(Stored data entries)

----------

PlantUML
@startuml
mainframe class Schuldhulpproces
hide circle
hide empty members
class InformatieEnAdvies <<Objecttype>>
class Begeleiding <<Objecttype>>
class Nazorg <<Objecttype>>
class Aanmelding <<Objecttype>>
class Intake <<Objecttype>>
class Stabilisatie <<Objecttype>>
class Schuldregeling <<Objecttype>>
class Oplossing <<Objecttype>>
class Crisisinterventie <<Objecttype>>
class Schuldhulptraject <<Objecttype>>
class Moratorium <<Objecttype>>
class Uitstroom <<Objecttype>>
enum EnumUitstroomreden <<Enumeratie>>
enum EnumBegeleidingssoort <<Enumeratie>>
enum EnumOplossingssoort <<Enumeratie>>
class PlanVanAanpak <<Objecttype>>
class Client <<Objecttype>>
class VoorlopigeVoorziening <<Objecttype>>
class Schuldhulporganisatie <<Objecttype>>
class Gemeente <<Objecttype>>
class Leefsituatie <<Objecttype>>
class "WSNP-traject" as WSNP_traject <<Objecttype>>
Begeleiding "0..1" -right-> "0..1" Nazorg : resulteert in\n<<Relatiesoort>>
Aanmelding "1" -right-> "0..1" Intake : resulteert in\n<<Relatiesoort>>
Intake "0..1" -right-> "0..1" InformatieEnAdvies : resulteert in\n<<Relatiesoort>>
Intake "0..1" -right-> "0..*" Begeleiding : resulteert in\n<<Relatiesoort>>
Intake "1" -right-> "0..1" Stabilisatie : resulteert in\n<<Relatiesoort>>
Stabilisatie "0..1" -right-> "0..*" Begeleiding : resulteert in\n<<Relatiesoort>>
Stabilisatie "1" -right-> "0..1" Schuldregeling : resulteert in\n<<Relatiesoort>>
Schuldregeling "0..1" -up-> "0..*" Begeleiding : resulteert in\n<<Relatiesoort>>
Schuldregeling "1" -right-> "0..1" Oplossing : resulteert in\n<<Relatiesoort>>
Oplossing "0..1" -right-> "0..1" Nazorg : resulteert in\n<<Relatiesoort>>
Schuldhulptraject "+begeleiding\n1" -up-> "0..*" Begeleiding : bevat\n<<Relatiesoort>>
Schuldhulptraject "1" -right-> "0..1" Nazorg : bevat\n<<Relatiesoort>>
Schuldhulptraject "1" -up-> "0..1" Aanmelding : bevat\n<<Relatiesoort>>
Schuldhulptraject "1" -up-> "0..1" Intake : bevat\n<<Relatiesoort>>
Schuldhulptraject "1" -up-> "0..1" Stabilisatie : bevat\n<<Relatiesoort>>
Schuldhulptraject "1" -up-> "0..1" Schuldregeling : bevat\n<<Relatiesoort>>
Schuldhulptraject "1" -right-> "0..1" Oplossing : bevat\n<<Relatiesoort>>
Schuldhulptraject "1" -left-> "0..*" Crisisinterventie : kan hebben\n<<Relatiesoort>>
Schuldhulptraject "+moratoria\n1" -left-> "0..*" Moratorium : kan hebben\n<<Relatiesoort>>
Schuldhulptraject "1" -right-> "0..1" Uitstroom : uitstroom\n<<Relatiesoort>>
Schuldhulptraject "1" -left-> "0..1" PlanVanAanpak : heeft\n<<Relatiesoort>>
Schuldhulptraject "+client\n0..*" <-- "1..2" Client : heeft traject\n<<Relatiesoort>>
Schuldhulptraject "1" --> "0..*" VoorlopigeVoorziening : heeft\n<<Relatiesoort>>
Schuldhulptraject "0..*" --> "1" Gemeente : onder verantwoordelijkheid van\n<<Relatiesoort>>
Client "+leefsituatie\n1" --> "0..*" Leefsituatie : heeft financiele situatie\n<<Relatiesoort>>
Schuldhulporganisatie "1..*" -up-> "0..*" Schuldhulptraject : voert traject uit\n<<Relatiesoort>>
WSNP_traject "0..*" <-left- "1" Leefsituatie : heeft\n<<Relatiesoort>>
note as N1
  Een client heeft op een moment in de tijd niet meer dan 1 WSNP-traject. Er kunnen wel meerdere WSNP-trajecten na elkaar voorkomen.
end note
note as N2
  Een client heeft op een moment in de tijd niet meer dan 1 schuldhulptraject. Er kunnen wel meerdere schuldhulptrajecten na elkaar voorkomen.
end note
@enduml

----------

Reproduce the lines of the records exactly, from the first one through the line that contains "class Schuldhulptraject <<Objecttype>>".

RESPONSE AREA.
PlantUML
@startuml
mainframe class Schuldhulpproces
hide circle
hide empty members
class InformatieEnAdvies <<Objecttype>>
class Begeleiding <<Objecttype>>
class Nazorg <<Objecttype>>
class Aanmelding <<Objecttype>>
class Intake <<Objecttype>>
class Stabilisatie <<Objecttype>>
class Schuldregeling <<Objecttype>>
class Oplossing <<Objecttype>>
class Crisisinterventie <<Objecttype>>
class Schuldhulptraject <<Objecttype>>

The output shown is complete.